### [The task]
Wherever a line in the records below contains "ezdxf", copy that line.

BEGIN

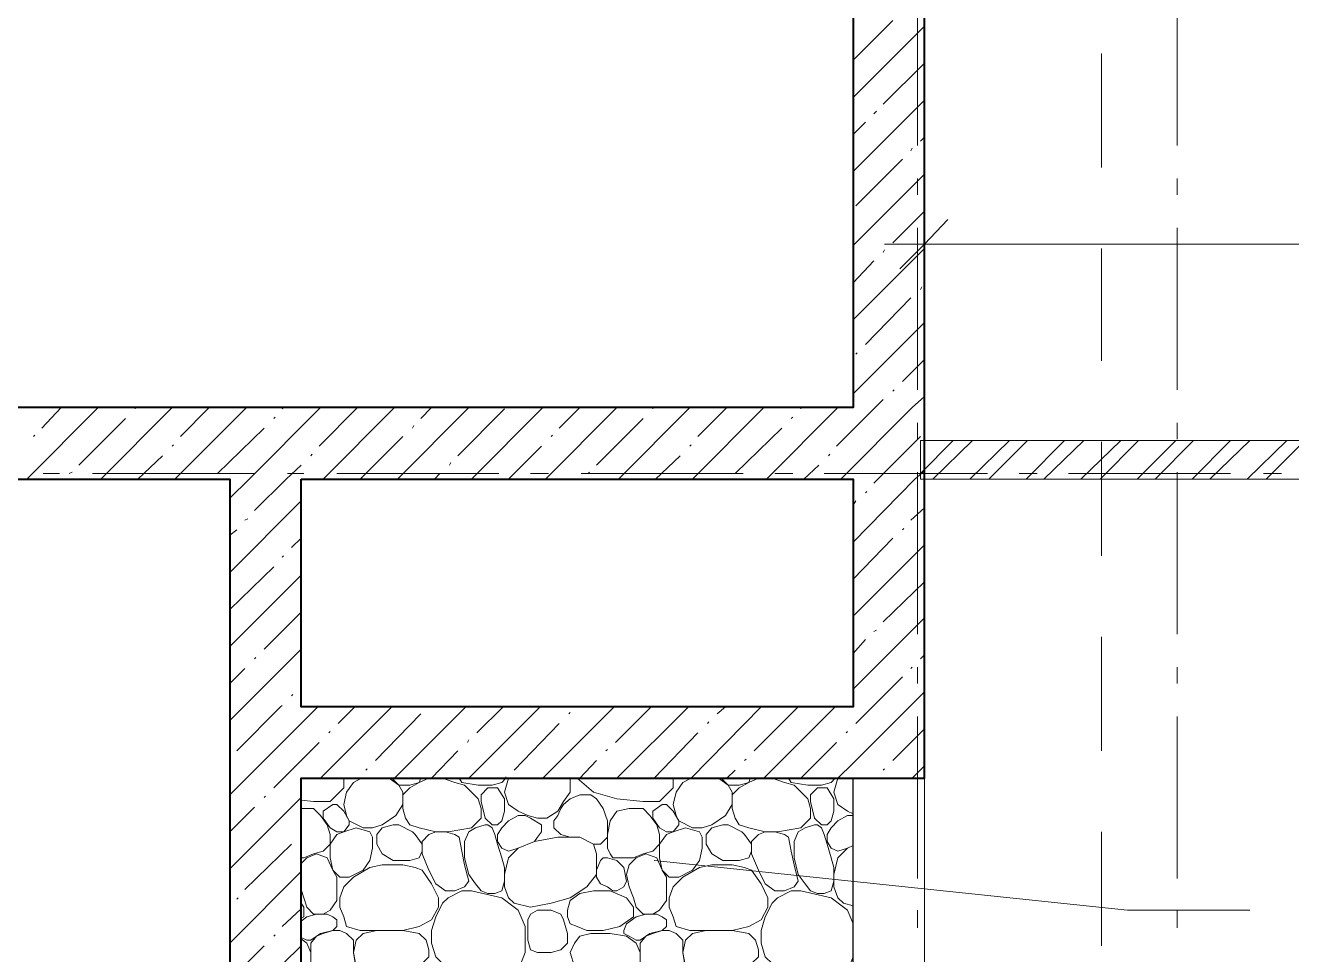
# Model space of a CAD drawing. Header units: millimetres. Extents: x -213547 to 415037, y -3642 to 106956.
# Drawn here: x -167266 to -163358, y 18771 to 21639 of the extents above; entities that cross this region are included whole.
import ezdxf

# ---------------------------------------------------------------- set-up
doc = ezdxf.new("R2010")
doc.units = ezdxf.units.MM

msp = doc.modelspace()

# ---------------------------------------------------------------- linework, layer by layer
at = {"lineweight": 40}
for points in [[(-166414.8, 15685.1), (-166414.8, 15816.5), (-166414.8, 19315.7), (-164711.8, 19315.7), (-164491.5, 19315.7), (-164491.5, 20239.2), (-164491.5, 20459.5), (-164491.5, 21959.2), (-164711.8, 21959.2), (-164711.8, 20459.5), (-168113.6, 20459.5), (-168113.6, 26831), (-168333.9, 26831), (-168333.9, 20239.2), (-168333.9, 16456.2), (-168333.9, 15604.7)], [(-168333.9, 15486), (-168113.6, 15486), (-167914.5, 15486), (-167914.5, 15706.3), (-168113.6, 15706.3), (-168113.6, 16456.2), (-168113.6, 20239.2), (-166635.1, 20239.2), (-166635.1, 19536), (-166635.1, 15816.5), (-166635.1, 15486), (-166414.8, 15486)]]:
    msp.add_lwpolyline(points, dxfattribs=at)
at = {"lineweight": 9}
for points in [[(-164512.7, 21268.6), (-164512.7, 21768.5)], [(-163712.1, 21268.6), (-163712.1, 21768.5)], [(-164711.8, 21531.3), (-164589, 21654.2)], [(-164711.8, 21416.9), (-164491.5, 21637.2)], [(-163945.1, 21552.5), (-163945.1, 21200.9)], [(-164618.6, 21395.7), (-164491.5, 21522.8)], [(-164711.8, 21188.2), (-164491.5, 21408.4)], [(-164711.8, 21302.5), (-164673.7, 21340.7)], [(-164648.3, 21366.1), (-164639.8, 21374.6)], [(-164533.9, 21251.7), (-164529.7, 21260.2)], [(-164504.3, 21281.4), (-164491.5, 21294.1)], [(-164703.4, 21082.2), (-164559.3, 21226.3)], [(-164711.8, 20959.4), (-164491.5, 21179.7)], [(-164512.7, 21116.1), (-164512.7, 21167)], [(-163712.1, 21116.1), (-163712.1, 21167)], [(-164589, 20967.9), (-164491.5, 21065.3)], [(-164491.5, 21069.5), (-164491.5, 20963.6), (-164491.5, 20845)], [(-164512.7, 20514.6), (-164512.7, 21014.5)], [(-163712.1, 20514.6), (-163712.1, 21014.5)], [(-164711.8, 20730.6), (-164491.5, 20950.9)], [(-164614.4, 20963.6), (-160492.4, 20963.6), (-157179.6, 20963.6)], [(-163945.1, 20950.9), (-163945.1, 20603.5)], [(-164711.8, 20845), (-164648.3, 20912.8)], [(-164618.6, 20938.2), (-164614.4, 20946.7)], [(-164504.3, 20823.8), (-164500, 20832.3)], [(-164673.7, 20654.4), (-164533.9, 20798.4)], [(-164711.8, 20501.9), (-164491.5, 20722.2)], [(-164703.4, 20624.7), (-164699.1, 20629)], [(-164559.3, 20540), (-164491.5, 20607.8)], [(-164762.7, 20340.9), (-164644.1, 20459.5), (-164618.6, 20484.9)], [(-164750, 20239.2), (-164529.7, 20459.5), (-164491.5, 20493.4)], [(-164589, 20510.3), (-164584.7, 20514.6)], [(-167262.1, 20239.2), (-167041.8, 20459.5)], [(-167215.5, 20396), (-167156.2, 20459.5)], [(-167033.3, 20239.2), (-166813.1, 20459.5)], [(-166927.4, 20455.3), (-166927.4, 20459.5)], [(-166804.6, 20239.2), (-166584.3, 20459.5)], [(-166787.6, 20370.5), (-166698.7, 20459.5)], [(-166635.1, 20179.9), (-166575.8, 20239.2), (-166355.5, 20459.5)], [(-166474.2, 20455.3), (-166469.9, 20459.5)], [(-166359.8, 20340.9), (-166241.2, 20459.5)], [(-166347.1, 20239.2), (-166126.8, 20459.5)], [(-166118.3, 20239.2), (-165898, 20459.5)], [(-166046.3, 20425.6), (-166012.4, 20459.5)], [(-165931.9, 20311.2), (-165787.9, 20455.3)], [(-165889.5, 20239.2), (-165669.2, 20459.5)], [(-165660.8, 20239.2), (-165440.5, 20459.5)], [(-165618.4, 20396), (-165554.9, 20459.5)], [(-165436.2, 20239.2), (-165216, 20459.5)], [(-165330.3, 20455.3), (-165330.3, 20459.5)], [(-165207.5, 20239.2), (-164987.2, 20459.5)], [(-165190.5, 20370.5), (-165101.6, 20459.5)], [(-164978.7, 20239.2), (-164758.4, 20459.5)], [(-164872.8, 20455.3), (-164872.8, 20459.5)], [(-167101.1, 20281.6), (-166957.1, 20425.6)], [(-166499.6, 20425.6), (-166495.3, 20429.8)], [(-166071.7, 20396), (-166067.5, 20404.4)], [(-165504, 20281.6), (-165360, 20425.6)], [(-164902.5, 20425.6), (-164898.2, 20429.8)], [(-164512.7, 20362.1), (-164512.7, 20412.9)], [(-163712.1, 20362.1), (-163712.1, 20412.9)], [(-167240.9, 20370.5), (-167236.7, 20374.8)], [(-166673.3, 20256.2), (-166529.2, 20396)], [(-166232.7, 20239.2), (-166101.4, 20370.5)], [(-165643.8, 20370.5), (-165639.6, 20374.8)], [(-165076.2, 20256.2), (-164932.1, 20396)], [(-164648.3, 20226.5), (-164635.6, 20239.2), (-164504.3, 20370.5)], [(-166813.1, 20340.9), (-166808.8, 20345.1)], [(-165775.2, 20239.2), (-165673.5, 20340.9)], [(-165216, 20340.9), (-165211.7, 20345.1)], [(-164504.3, 20256.2), (-164402.6, 20357.8)], [(-160492.4, 20357.8), (-164504.3, 20357.8), (-164504.3, 20239.2), (-160488.2, 20239.2)], [(-164466.1, 20239.2), (-164343.3, 20357.8)], [(-164351.7, 20239.2), (-164228.9, 20357.8)], [(-164292.4, 20239.2), (-164173.8, 20357.8)], [(-164178.1, 20239.2), (-164059.4, 20357.8)], [(-164123, 20239.2), (-164000.1, 20357.8)], [(-164008.6, 20239.2), (-163885.7, 20357.8)], [(-163949.3, 20239.2), (-163830.7, 20357.8)], [(-163945.1, 20353.6), (-163945.1, 20002)], [(-163834.9, 20239.2), (-163716.3, 20357.8)], [(-163779.8, 20239.2), (-163661.2, 20357.8)], [(-163665.5, 20239.2), (-163546.8, 20357.8)], [(-163610.4, 20239.2), (-163487.5, 20357.8)], [(-163496, 20239.2), (-163373.1, 20357.8)], [(-163436.7, 20239.2), (-163318.1, 20357.8)], [(-166919, 20239.2), (-166842.7, 20311.2)], [(-166385.2, 20311.2), (-166381, 20315.5)], [(-165957.3, 20281.6), (-165953.1, 20290)], [(-165321.9, 20239.2), (-165245.6, 20311.2)], [(-164788.1, 20311.2), (-164783.9, 20315.5)], [(-167211.3, 20256.2), (-167160.4, 20256.2)], [(-167130.8, 20256.2), (-167122.3, 20260.4)], [(-167058.8, 20256.2), (-166558.9, 20256.2)], [(-166558.9, 20141.8), (-166461.4, 20239.2), (-166414.8, 20281.6)], [(-166457.2, 20256.2), (-166406.4, 20256.2)], [(-166304.7, 20256.2), (-165804.8, 20256.2)], [(-166003.9, 20239.2), (-165987, 20256.2)], [(-165707.4, 20256.2), (-165652.3, 20256.2)], [(-165550.6, 20256.2), (-165050.7, 20256.2)], [(-165529.4, 20256.2), (-165525.2, 20260.4)], [(-164953.3, 20256.2), (-164898.2, 20256.2)], [(-164864.3, 20239.2), (-164817.7, 20281.6)], [(-164800.8, 20256.2), (-164296.7, 20256.2)], [(-164711.8, 20044.3), (-164521.2, 20239.2), (-164491.5, 20264.6)], [(-164512.7, 19760.5), (-164512.7, 20260.4)], [(-164199.2, 20256.2), (-164144.2, 20256.2)], [(-164046.7, 20256.2), (-163546.8, 20256.2)], [(-163712.1, 19760.5), (-163712.1, 20260.4)], [(-163445.2, 20256.2), (-163390.1, 20256.2)], [(-166635.1, 19951.1), (-166414.8, 20171.4)], [(-164711.8, 20158.7), (-164703.4, 20171.4)], [(-164673.7, 20196.8), (-164669.5, 20201.1)], [(-164533.9, 20112.1), (-164491.5, 20150.2)], [(-166588.5, 20112.1), (-166580.1, 20116.4)], [(-166635.1, 20065.5), (-166614, 20082.5)], [(-166444.5, 20027.4), (-166414.8, 20057)], [(-164711.8, 19930), (-164589, 20057)], [(-164559.3, 20082.5), (-164555.1, 20086.7)], [(-164711.8, 19815.6), (-164491.5, 20035.9)], [(-166474.2, 19997.7), (-166469.9, 20002)], [(-166635.1, 19836.8), (-166499.6, 19968.1)], [(-166635.1, 19722.4), (-166414.8, 19942.7)], [(-164618.6, 19798.6), (-164491.5, 19921.5)], [(-166529.2, 19713.9), (-166414.8, 19828.3)], [(-164711.8, 19591.1), (-164491.5, 19811.3)], [(-164711.8, 19701.2), (-164673.7, 19743.6)], [(-164648.3, 19769), (-164639.8, 19773.2)], [(-163945.1, 19752), (-163945.1, 19400.4)], [(-166635.1, 19493.6), (-166592.8, 19536), (-166414.8, 19713.9)], [(-164504.3, 19684.3), (-164491.5, 19697)], [(-166558.9, 19684.3), (-166554.6, 19688.5)], [(-164533.9, 19654.6), (-164529.7, 19658.8)], [(-164512.7, 19608), (-164512.7, 19658.8)], [(-163712.1, 19608), (-163712.1, 19658.8)], [(-166635.1, 19608), (-166588.5, 19654.6)], [(-164703.4, 19485.1), (-164559.3, 19629.2)], [(-166414.8, 19599.5), (-166414.8, 19599.5)], [(-164758.4, 19315.7), (-164711.8, 19362.3), (-164491.5, 19582.6)], [(-166614, 19400.4), (-166478.4, 19536), (-166474.2, 19540.2)], [(-166444.5, 19569.9), (-166440.3, 19574.1)], [(-166635.1, 19264.9), (-166414.8, 19485.1), (-166364, 19536)], [(-166355.5, 19315.7), (-166135.2, 19536)], [(-166300.5, 19485.1), (-166249.6, 19536)], [(-166186.1, 19370.8), (-166046.3, 19514.8)], [(-166126.8, 19315.7), (-165906.5, 19536)], [(-165898, 19315.7), (-165677.7, 19536)], [(-165872.6, 19455.5), (-165792.1, 19536)], [(-165669.2, 19315.7), (-165449, 19536)], [(-165588.8, 19514.8), (-165584.5, 19519)], [(-165444.7, 19425.8), (-165334.6, 19536)], [(-165440.5, 19315.7), (-165220.2, 19536)], [(-165211.7, 19315.7), (-164995.7, 19536)], [(-165131.2, 19514.8), (-165105.8, 19536)], [(-165016.9, 19400.4), (-164881.3, 19536)], [(-164987.2, 19315.7), (-164766.9, 19536)], [(-164512.7, 19006.4), (-164512.7, 19506.3)], [(-163712.1, 19006.4), (-163712.1, 19506.3)], [(-165758.2, 19341.1), (-165618.4, 19485.1)], [(-165160.9, 19485.1), (-165156.6, 19489.4)], [(-164589, 19370.8), (-164491.5, 19468.2)], [(-166499.6, 19286), (-166414.8, 19370.8), (-166359.8, 19425.8)], [(-166330.1, 19455.5), (-166325.9, 19459.7)], [(-165902.2, 19425.8), (-165898, 19434.3)], [(-165326.1, 19315.7), (-165190.5, 19455.5)], [(-164872.8, 19315.7), (-164762.7, 19425.8)], [(-164733, 19455.5), (-164728.8, 19459.7)], [(-166012.4, 19315.7), (-165931.9, 19400.4)], [(-165474.4, 19400.4), (-165470.1, 19404.7)], [(-166215.7, 19341.1), (-166211.5, 19345.3)], [(-165554.9, 19315.7), (-165504, 19370.8)], [(-165046.5, 19370.8), (-165042.3, 19375)], [(-164618.6, 19341.1), (-164614.4, 19345.3)], [(-164529.7, 19315.7), (-164491.5, 19353.8)], [(-166414.8, 19247.9), (-166376.7, 19243.7), (-166325.9, 19243.7), (-166283.5, 19286), (-166283.5, 19315.7), (-166287.8, 19315.7)], [(-166143.7, 19315.7), (-166114.1, 19294.5), (-166101.4, 19273.3), (-166101.4, 19235.2), (-166122.5, 19201.3), (-166164.9, 19171.7), (-166194.6, 19163.2), (-166224.2, 19163.2), (-166266.6, 19184.4), (-166275, 19201.3), (-166283.5, 19235.2), (-166275, 19273.3), (-166253.9, 19303), (-166228.4, 19315.7)], [(-166270.8, 19315.7), (-166266.6, 19315.7)], [(-166245.4, 19315.7), (-166236.9, 19315.7)], [(-166135.2, 19315.7), (-166114.1, 19294.5), (-166080.2, 19294.5), (-166050.5, 19303), (-166046.3, 19315.7)], [(-165978.5, 19315.7), (-165940.4, 19303), (-165910.7, 19294.5), (-165868.4, 19252.1), (-165859.9, 19222.5), (-165859.9, 19192.8), (-165889.5, 19163.2), (-165961.6, 19150.5), (-165999.7, 19150.5), (-166050.5, 19163.2), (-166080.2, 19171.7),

END

### [Solution to the problem]
import ezdxf
doc = ezdxf.new("R2010")
doc.units = ezdxf.units.MM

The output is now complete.